Post it here -> Sightings Forum:  http://www.tugbbs.com/forums/forumdisplay.php?f=3

Sample Sightings Request-





> [TITLE] Sightings request:  Florida Coast/Caribbean Coast - Jan. thru April, 2017.
> 
> [MESSAGE] We are new owners with XXXX RCI points and we'd like to go to a Florida or Caribbean Coast resort.



Then, Tuggers will let you know if they can see any availability with RCI.

If you find you don't have enough points, you can combine your 2016 and 2018 points to have a larger total.


----------



## ronparise (Sep 6, 2016)

DeniseM said:


> Do you know how many RCI points you own?
> 
> Do you know where and when you want to exchange?



Denise 

Is it possible this purchase is just what the op says it was; a week, not points. If it is rci points that should be easy to look up. 49000 points. Or if a week 16 tpu

I'm not a big RCI user but that's what I see


----------



## shells (Sep 6, 2016)

No points listed. We have week 23 (on a biennial, or even year) so our ownership doesn't start until 2018. 

We have one bonus week every year but do not want to activate this with RCI until we know for sure that we will travel in 2017 since we would have to use it within one year of activation, and then it sounds like we have a 2-45 day window to book something that works? 

We could deposit our week 23 for 2018 with RCI but then would have to pay the maintenance fees which are not due until 2018. I wonder what the trading power will be once we deposit this week, does anyone know? Or have any ideas on how to find out?


----------



## DeniseM (Sep 6, 2016)

According to post #8 above, Ron looked it up on RCI, and you have 16 TPU.  (trading power units)

With RCI, you either have points, or TPU - so it appears that you have TPU.
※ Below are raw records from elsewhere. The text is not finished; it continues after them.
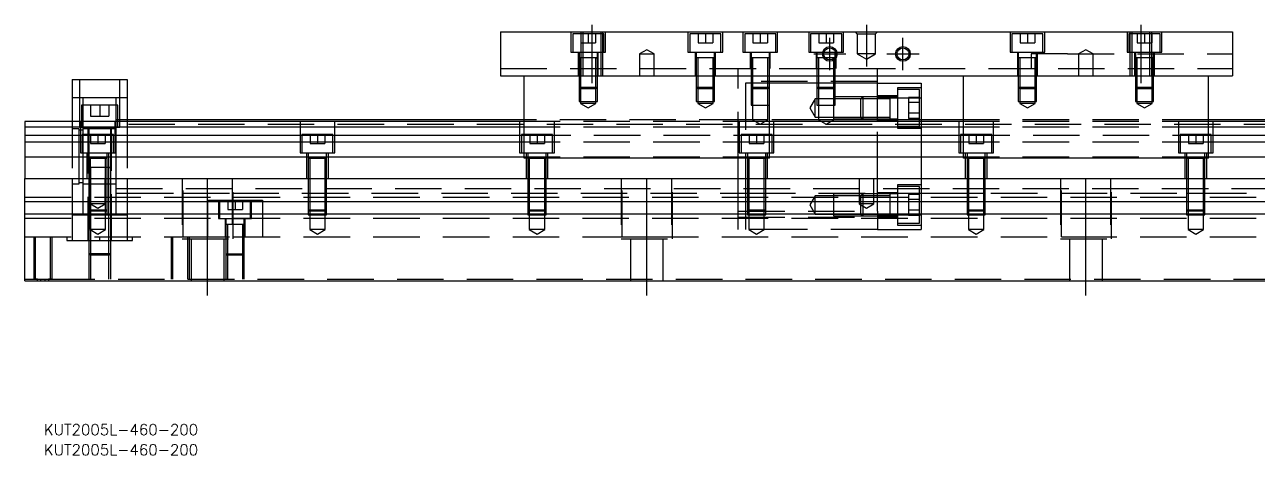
# Model space of a CAD drawing. Extents: x -20 to 690, y -287 to 102.
# Drawn here: x 0 to 337.1, y -286.7 to -169 of the extents above; entities that cross this region are included whole.
import ezdxf

# ---------------------------------------------------------------- set-up
doc = ezdxf.new("R2010")
doc.units = 0
doc.linetypes.add('CENTER', pattern=[50.8, 31.75, -6.35, 6.35, -6.35])
doc.linetypes.add('DASHED', pattern=[19.05, 12.7, -6.35])
doc.layers.get('0').update_dxf_attribs({"linetype": 'CONTINUOUS'})
doc.layers.add('CENTER', color=1, linetype='CENTER')
doc.styles.get("Standard").update_dxf_attribs({"font": 'txt.shx', "height": 3, "bigfont": 'bigfont.shx'})

# ---------------------------------------------------------------- blocks, each defined once
blk = doc.blocks.new('*U2')
at = {"color": 7, "linetype": 'CONTINUOUS'}
blk.add_text('KUT2005L-460-200', height=3, dxfattribs=at).set_placement((5.23, -281.15))
blk = doc.blocks.new('*U3')
at = {"color": 7, "linetype": 'CONTINUOUS'}
blk.add_text('KUT2005L-460-200', height=3, dxfattribs=at).set_placement((5.23, -286.66))

msp = doc.modelspace()

# ---------------------------------------------------------------- linework, layer by layer
at = {"color": 7, "linetype": 'CONTINUOUS'}
for p, q in [((130, -170.98), (130, -182.98)), ((130, -170.98), (330, -170.98)), ((330, -170.98), (330, -182.98)), ((221.500006, -178.08), (221.229838, -178.08)), ((13, -183.98), (28, -183.98)), ((13, -183.98), (13, -195.48)), ((28, -183.98), (28, -195.48)), ((130, -182.98), (330, -182.98)), ((136.5, -205.48), (136.5, -182.98)), ((203.5, -205.48), (203.5, -182.98)), ((233, -195.48), (233, -182.98)), ((233, -184.98), (245, -184.98)), ((245, -184.98), (245, -195.48)), ((256.5, -205.48), (256.5, -182.98)), ((323.5, -205.48), (323.5, -182.98)), ((0, -195.48), (0, -197.019608)), ((136.5, -195.48), (0, -195.48)), ((136.5, -194.98), (28, -194.98)), ((256.5, -195.48), (203.5, -195.48)), ((256.5, -194.98), (245, -194.98)), ((403, -194.98), (323.5, -194.98)), ((460, -195.48), (323.5, -195.48)), ((136.5, -197.019608), (0, -197.019608)), ((0, -197.019608), (0, -199.140392)), ((256.5, -197.019608), (203.5, -197.019608)), ((460, -197.019608), (323.5, -197.019608)), ((0, -199.140392), (136.5, -199.140392)), ((0, -199.140392), (0, -201.050532)), ((136.5, -201.050532), (0, -201.050532)), ((0, -201.050532), (0, -205.161934)), ((203.5, -199.140392), (256.5, -199.140392)), ((256.5, -201.050532), (203.5, -201.050532)), ((323.5, -199.140392), (460, -199.140392)), ((460, -201.050532), (323.5, -201.050532)), ((0, -205.161934), (0, -210.98)), ((136.5, -205.161934), (0, -205.161934)), ((203.5, -205.48), (136.5, -205.48)), ((256.5, -205.161934), (203.5, -205.161934)), ((323.5, -205.48), (256.5, -205.48)), ((460, -205.161934), (323.5, -205.161934)), ((17.9, -207.98), (17.499994, -207.98)), ((0, -210.98), (460, -210.98)), ((0, -217.28), (0, -210.98)), ((23, -217.28), (23, -210.98002)), ((0, -217.28), (460, -217.28)), ((0, -220.68), (0, -217.28)), ((22.1, -219.98), (22.1, -217.28)), ((0, -220.68), (460, -220.68)), ((0, -238.98), (0, -220.68)), ((18, -220.68), (18, -220.98)), ((0, -238.98), (460, -238.98))]:
    msp.add_line(p, q, dxfattribs=at)
at = {"color": 3, "linetype": 'DASHED'}
for p, q in [((149.25, -170.98), (149.25, -176.48)), ((158.25, -171.48), (149.75, -171.48)), ((149.75, -171.48), (149.75, -176.48)), ((152, -171.48), (152, -173.98)), ((152.000006, -170.98), (152.000006, -182.98)), ((152.5, -170.98), (152.5, -182.98)), ((154, -171.48), (154, -173.98)), ((156, -171.48), (156, -173.98)), ((157.5, -182.98), (157.5, -170.98)), ((157.999994, -182.98), (157.999994, -170.98)), ((158.25, -176.48), (158.25, -171.48)), ((158.75, -176.48), (158.75, -170.98)), ((181.25, -170.98), (181.25, -176.48)), ((190.25, -171.48), (181.75, -171.48)), ((181.75, -171.48), (181.75, -176.48)), ((184, -171.48), (184, -173.98)), ((186, -171.48), (186, -173.98)), ((188, -171.48), (188, -173.98)), ((190.25, -176.48), (190.25, -171.48)), ((190.75, -176.48), (190.75, -170.98)), ((196.25, -170.98), (196.25, -176.48)), ((205.25, -171.48), (196.75, -171.48)), ((196.75, -171.48), (196.75, -176.48)), ((199, -171.48), (199, -173.98)), ((201, -171.48), (201, -173.98)), ((203, -171.48), (203, -173.98)), ((205.25, -176.48), (205.25, -171.48)), ((205.75, -176.48), (205.75, -170.98)), ((214.25, -170.98), (214.25, -176.48)), ((223.25, -171.48), (214.75, -171.48)), ((214.75, -171.48), (214.75, -176.48)), ((217, -171.48), (217, -173.98)), ((219, -171.48), (219, -173.98)), ((221, -171.48), (221, -173.98)), ((223.25, -176.48), (223.25, -171.48)), ((223.75, -176.48), (223.75, -170.98)), ((227.5, -171.48), (227, -170.98)), ((227.5, -171.48), (227.5, -176.98)), ((227.5, -171.48), (232.5, -171.48)), ((232.5, -171.48), (233, -170.98)), ((232.5, -176.98), (232.5, -171.48)), ((269.25, -170.98), (269.25, -176.48)), ((278.25, -171.48), (269.75, -171.48)), ((269.75, -171.48), (269.75, -176.48)), ((272, -171.48), (272, -173.98)), ((274, -171.48), (274, -173.98)), ((276, -171.48), (276, -173.98)), ((278.25, -176.48), (278.25, -171.48)), ((278.75, -176.48), (278.75, -170.98)), ((301.25, -170.98), (301.25, -176.48)), ((310.25, -171.48), (301.75, -171.48)), ((301.75, -171.48), (301.75, -176.48)), ((302.000006, -170.98), (302.000006, -182.98)), ((302.5, -170.98), (302.5, -182.98)), ((304, -171.48), (304, -173.98)), ((306, -171.48), (306, -173.98)), ((307.5, -182.98), (307.5, -170.98)), ((307.999994, -182.98), (307.999994, -170.98)), ((308, -171.48), (308, -173.98)), ((310.25, -176.48), (310.25, -171.48)), ((310.75, -176.48), (310.75, -170.98)), ((152, -173.98), (154, -173.98)), ((154, -173.98), (156, -173.98)), ((184, -173.98), (186, -173.98)), ((186, -173.98), (188, -173.98)), ((199, -173.98), (201, -173.98)), ((201, -173.98), (203, -173.98)), ((217, -173.98), (219, -173.98)), ((219, -173.98), (221, -173.98)), ((272, -173.98), (274, -173.98)), ((274, -173.98), (276, -173.98)), ((304, -173.98), (306, -173.98)), ((306, -173.98), (308, -173.98)), ((149.25, -176.48), (158.75, -176.48)), ((151.25, -176.48), (151.25, -182.98)), ((151.5, -176.48), (151.5, -178.08)), ((151.5, -178.075), (151.5, -178.08)), ((156.5, -178.08), (151.5, -178.08)), ((151.5, -178.08), (151.5, -178.085)), ((151.5, -178.08), (151.5, -182.97998)), ((151.9, -178.08), (151.9, -182.97998)), ((156.1, -182.97998), (156.1, -178.08)), ((156.242602, -178.08), (156.5, -178.08)), ((156.5, -178.08), (156.5, -176.48)), ((156.5, -178.08), (156.5, -178.075)), ((156.5, -178.085), (156.5, -178.08)), ((156.5, -182.97998), (156.5, -178.08)), ((156.75, -182.98), (156.75, -176.48)), ((170, -175.8253), (168, -176.98)), ((168, -176.98), (170, -176.98)), ((168, -176.98), (168, -182.98)), ((172, -176.98), (170, -175.8253)), ((170, -176.98), (172, -176.98)), ((172, -182.98), (172, -176.98)), ((181.25, -176.48), (190.75, -176.48)), ((183.25, -176.48), (183.25, -182.98)), ((183.5, -176.48), (183.5, -178.08)), ((183.5, -178.075), (183.5, -178.08)), ((188.5, -178.08), (183.5, -178.08)), ((183.5, -178.08), (183.5, -178.085)), ((183.5, -178.08), (183.5, -182.97998)), ((183.9, -178.08), (183.9, -182.97998)), ((188.1, -182.97998), (188.1, -178.08)), ((188.242602, -178.08), (188.5, -178.08)), ((188.5, -178.08), (188.5, -176.48)), ((188.5, -178.08), (188.5, -178.075)), ((188.5, -178.085), (188.5, -178.08)), ((188.5, -182.97998), (188.5, -178.08)), ((188.75, -182.98), (188.75, -176.48)), ((196.25, -176.48), (205.75, -176.48)), ((198.25, -176.48), (198.25, -180.98)), ((198.5, -176.48), (198.5, -178.08)), ((198.5, -178.075), (198.5, -178.08)), ((198.5, -178.08), (198.757448, -178.08)), ((203.5, -178.08), (198.5, -178.08)), ((198.5, -178.08), (198.5, -180.97998)), ((198.5, -178.08), (198.5, -178.085)), ((198.9, -178.08), (198.9, -186.48)), ((202.5, -178.075), (202.5, -178.08)), ((202.5, -178.08), (202.5, -178.085)), ((203.1, -186.48), (203.1, -178.08)), ((203.5, -178.08), (203.5, -176.48)), ((203.5, -178.08), (203.5, -178.075)), ((203.5, -180.97998), (203.5, -178.08)), ((203.5, -178.085), (203.5, -178.08)), ((203.75, -180.98), (203.75, -176.48)), ((214.25, -176.48), (223.75, -176.48)), ((216.25, -176.48), (216.25, -180.98)), ((216.5, -176.48), (216.5, -178.08)), ((216.5, -178.075), (216.5, -178.08)), ((221.5, -178.08), (216.5, -178.08)), ((216.5, -178.08), (216.5, -178.085)), ((216.5, -178.08), (216.5, -180.97998)), ((216.9, -178.08), (216.9, -186.48)), ((221.1, -186.48), (221.1, -178.08)), ((221.242602, -178.08), (221.5, -178.08)), ((221.5, -177.667386), (221.5, -176.48)), ((221.5, -178.08), (221.5, -177.667386)), ((221.5, -178.08), (221.5, -178.075)), ((221.5, -178.085), (221.5, -178.08)), ((221.5, -178.302876), (221.5, -178.08)), ((221.5, -180.97998), (221.5, -178.302876)), ((221.75, -180.98), (221.75, -176.48)), ((232.5, -176.98), (227.5, -176.98)), ((227.5, -176.98), (230, -178.423376)), ((230, -178.423376), (232.5, -176.98)), ((269.25, -176.48), (278.75, -176.48)), ((271.25, -176.48), (271.25, -182.98)), ((271.5, -176.48), (271.5, -178.08)), ((271.5, -178.075), (271.5, -178.08)), ((276.5, -178.08), (271.5, -178.08)), ((271.5, -178.08), (271.5, -178.085)), ((271.5, -178.08), (271.5, -182.97998)), ((271.9, -178.08), (271.9, -186.48)), ((275, -176.98), (275, -180.98)), ((285, -176.98), (275, -176.98)), ((276.1, -186.48), (276.1, -178.08)), ((276.5, -178.08), (276.5, -176.48)), ((276.5, -178.08), (276.5, -178.075)), ((276.5, -178.085), (276.5, -178.08)), ((276.5, -182.97998), (276.5, -178.08)), ((276.75, -182.98), (276.75, -176.48)), ((285, -176.98), (330, -176.98)), ((290, -175.8253), (288, -176.98)), ((288, -176.98), (290, -176.98)), ((288, -176.98), (288, -182.98)), ((292, -176.98), (290, -175.8253)), ((290, -176.98), (292, -176.98)), ((292, -182.98), (292, -176.98)), ((301.25, -176.48), (310.75, -176.48)), ((303.25, -176.48), (303.25, -182.98)), ((303.5, -176.48), (303.5, -178.08)), ((303.5, -178.075), (303.5, -178.08)), ((308.5, -178.08), (303.5, -178.08)), ((303.5, -178.08), (303.5, -182.97998)), ((303.5, -178.08), (303.5, -178.085)), ((303.9, -178.08), (303.9, -186.48)), ((308.1, -186.48), (308.1, -178.08)), ((308.5, -178.08), (308.5, -176.48)), ((308.5, -178.08), (308.5, -178.075)), ((308.5, -182.97998), (308.5, -178.08)), ((308.5, -178.085), (308.5, -178.08)), ((308.75, -182.98), (308.75, -176.48)), ((130, -180.98), (330, -180.98)), ((195, -182.98), (195, -180.98)), ((198.5, -180.98), (198.5, -182.98)), ((198.500006, -180.98), (198.500006, -182.98)), ((203.499994, -182.98), (203.499994, -180.98)), ((203.5, -182.98), (203.5, -180.98)), ((216.5, -180.98), (216.5, -182.98)), ((216.500006, -180.98), (216.500006, -182.98)), ((216.9, -180.98), (221.1, -180.98)), ((221.499994, -182.98), (221.499994, -180.98)), ((221.5, -182.98), (221.5, -180.98)), ((233, -182.98), (233, -180.98)), ((15, -183.98), (15, -196.98)), ((26, -196.98), (26, -183.98)), ((151.5, -182.98), (151.5, -186.08)), ((151.500006, -182.98), (151.500006, -186.080006)), ((151.9, -182.98), (151.9, -186.48)), ((156.1, -186.48), (156.1, -182.98)), ((156.499994, -186.080006), (156.499994, -182.98)), ((156.5, -186.08), (156.5, -182.98)), ((183.5, -182.98), (183.5, -186.08)), ((183.500006, -182.98), (183.500006, -186.080006)), ((183.9, -182.98), (183.9, -186.48)), ((188.1, -186.48), (188.1, -182.98)), ((188.499994, -186.080006), (188.499994, -182.98)), ((188.5, -186.08), (188.5, -182.98)), ((195, -205.48), (195, -182.98)), ((233, -184.48), (195, -184.48)), ((197, -184.98), (197, -203.98)), ((198.5, -184.98), (197, -184.98)), ((198.5, -182.98), (198.5, -186.08)), ((198.9, -184.98), (198.5, -184.98)), ((198.500006, -182.98), (198.500006, -186.080006)), ((202.5, -184.98), (198.9, -184.98)), ((202.9, -184.98), (202.5, -184.98)), ((203.1, -184.98), (202.9, -184.98)), ((203.5, -184.98), (203.1, -184.98)), ((203.499994, -186.080006), (203.499994, -182.98)), ((203.5, -186.08), (203.5, -182.98)), ((207.1, -184.98), (203.5, -184.98)), ((207.5, -184.98), (207.1, -184.98)), ((216.5, -184.98), (207.5, -184.98)), ((216.5, -182.98), (216.5, -186.08)), ((216.9, -184.98), (216.5, -184.98)), ((216.500006, -182.98), (216.500006, -186.080006)), ((221.1, -184.98), (216.9, -184.98)), ((221.5, -184.98), (221.1, -184.98)), ((221.499994, -186.080006), (221.499994, -182.98)), ((221.5, -186.08), (221.5, -182.98)), ((222.5, -184.98), (221.5, -184.98)), ((233, -184.98), (222.5, -184.98)), ((271.5, -182.98), (271.5, -186.08)), ((271.500006, -182.98), (271.500006, -186.080006)), ((276.499994, -186.080006), (276.499994, -182.98)), ((276.5, -186.08), (276.5, -182.98)), ((303.5, -182.98), (303.5, -186.08)), ((303.500006, -182.98), (303.500006, -186.080006)), ((308.499994, -186.080006), (308.499994, -182.98)), ((308.5, -186.08), (308.5, -182.98)), ((151.5, -186.08), (156.5, -186.08)), ((151.5, -186.08), (151.9, -186.48)), ((151.500006, -186.08002), (151.500006, -189.98)), ((156.1, -186.48), (151.9, -186.48)), ((151.9, -186.48002), (151.9, -189.98)), ((156.1, -186.48), (156.5, -186.08)), ((156.1, -189.98), (156.1, -186.48002)), ((156.499994, -189.98), (156.499994, -186.08002)), ((183.5, -186.08), (188.5, -186.08)), ((183.5, -186.08), (183.9, -186.48)), ((183.500006, -186.08002), (183.500006, -189.98)), ((188.1, -186.48), (183.9, -186.48)), ((183.9, -186.48002), (183.9, -189.98)), ((188.1, -186.48), (188.5, -186.08)), ((188.1, -189.98), (188.1, -186.48002)), ((188.499994, -189.98), (188.499994, -186.08002)), ((198.5, -186.08), (203.499994, -186.08)), ((198.5, -186.08), (198.9, -186.48)), ((198.500006, -186.08002), (198.500006, -190.98)), ((202.500006, -186.48), (198.9, -186.48)), ((198.9, -186.48002), (198.9, -190.98)), ((203.1, -186.48), (202.500006, -186.48)), ((203.1, -186.48), (203.5, -186.08)), ((203.1, -190.98), (203.1, -186.48002)), ((203.499994, -186.48), (203.499994, -186.08002)), ((203.499994, -189.98), (203.499994, -186.48)), ((216.5, -186.08), (221.5, -186.08)), ((216.5, -186.08), (216.9, -186.48)), ((216.500006, -186.08002), (216.500006, -190.98)), ((221.1, -186.48), (216.9, -186.48)), ((216.9, -186.48002), (216.9, -190.98)), ((221, -188.730006), (221, -190.848124)), ((221.499994, -188.730006), (221, -188.730006)), ((221.1, -186.48), (221.5, -186.08)), ((221.1, -190.98), (221.1, -186.48002)), ((221.499994, -190.98), (221.499994, -186.08002)), ((222.5, -188.730006), (221.499994, -188.730006)), ((228.99998, -188.730006), (222.5, -188.730006)), ((229, -188.73), (228.5, -189.23)), ((233, -188.730006), (228.999994, -188.730006)), ((229, -188.73), (229, -194.73)), ((233, -188.73), (229, -188.73)), ((238.5, -188.43), (233, -188.43)), ((236.5, -188.73), (233.00002, -188.73)), ((236.5, -188.73), (236.495, -188.73)), ((236.5, -194.73), (236.5, -188.73)), ((236.505, -188.73), (236.5, -188.73)), ((237.5, -188.73), (236.5, -188.73)), ((238.5, -188.73), (237.5, -188.73)), ((238.5, -186.23), (238.5, -197.23)), ((245, -186.23), (238.5, -186.23)), ((244.5, -186.73), (238.5, -186.73)), ((244.5, -196.73), (244.5, -186.73)), ((271.5, -186.08), (276.5, -186.08)), ((271.5, -186.08), (271.9, -186.48)), ((271.500006, -186.08002), (271.500006, -189.98)), ((276.1, -186.48), (271.9, -186.48)), ((271.9, -186.48002), (271.9, -189.98)), ((276.1, -186.48), (276.5, -186.08)), ((276.1, -189.98), (276.1, -186.48002)), ((276.499994, -189.98), (276.499994, -186.08002)), ((303.5, -186.08), (308.5, -186.08)), ((303.5, -186.08), (303.9, -186.48)), ((303.500006, -186.08002), (303.500006, -189.98)), ((308.1, -186.48), (303.9, -186.48)), ((303.9, -186.48002), (303.9, -189.98)), ((308.1, -186.48), (308.5, -186.08)), ((308.1, -189.98), (308.1, -186.48002)), ((308.499994, -189.98), (308.499994, -186.08002)), ((16, -188.98), (13, -188.98)), ((25.5, -190.98), (15.5, -190.98)), ((15.5, -190.98), (15.5, -195.48)), ((16, -190.98), (16, -188.98)), ((25, -188.98), (16, -188.98)), ((16, -195.48), (16, -190.98)), ((18, -190.98), (18, -193.98)), ((20.5, -190.98), (20.5, -193.98)), ((23, -190.98), (23, -193.98)), ((25, -190.98), (25, -188.98)), ((28, -188.98), (25, -188.98)), ((25, -195.48), (25, -190.98)), ((25.5, -195.48), (25.5, -190.98)), ((151.500006, -189.98), (156.499994, -189.98)), ((151.9, -189.98), (151.9, -190.48)), ((156.1, -190.48), (151.9, -190.48)), ((151.9, -190.48), (154, -191.692436)), ((154, -191.692436), (156.1, -190.48)), ((156.1, -190.48), (156.1, -189.98)), ((183.500006, -189.98), (188.499994, -189.98)), ((183.9, -189.98), (183.9, -190.48)), ((188.1, -190.48), (183.9, -190.48)), ((183.9, -190.48), (186, -191.692436)), ((186, -191.692436), (188.1, -190.48)), ((188.1, -190.48), (188.1, -189.98)), ((198.500006, -190.98), (203.499994, -190.98)), ((198.9, -190.98), (198.9, -194.98)), ((203.1, -194.98), (203.1, -190.98)), ((203.499994, -190.98), (203.499994, -189.98)), ((216, -189.23), (214.556624, -191.73)), ((214.556624, -191.73), (216, -194.23)), ((216, -194.23), (216, -189.23)), ((221, -189.23), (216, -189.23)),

The maximum TPU is 60, so 16 is a small amount, but it should be enough for Florida.

From your comment, it appears that you may already have an RCI Acct?  If so, you can log in and check availability yourself - without depositing.  Don't worry about accidentally making an exchange while you are checking out RCI - to make an exchange you have to put in your credit card number, so can't happen accidentally. 

OR: If you *don't* have an RCI Acct. yet, you can post a Sightings Request, and ask Tuggers to post what they can see in the RCI inventory-

Post it here -> Sightings Forum: http://www.tugbbs.com/forums/forumdisplay.php?f=3

Sample format for Sightings Request-


> [TITLE] Sightings request: Florida Coast/Caribbean Coast - Jan. thru April, 2017.
> 
> [MESSAGE] We are new owners with 16 TPU and we'd like to go to a Florida or Caribbean Coast resort.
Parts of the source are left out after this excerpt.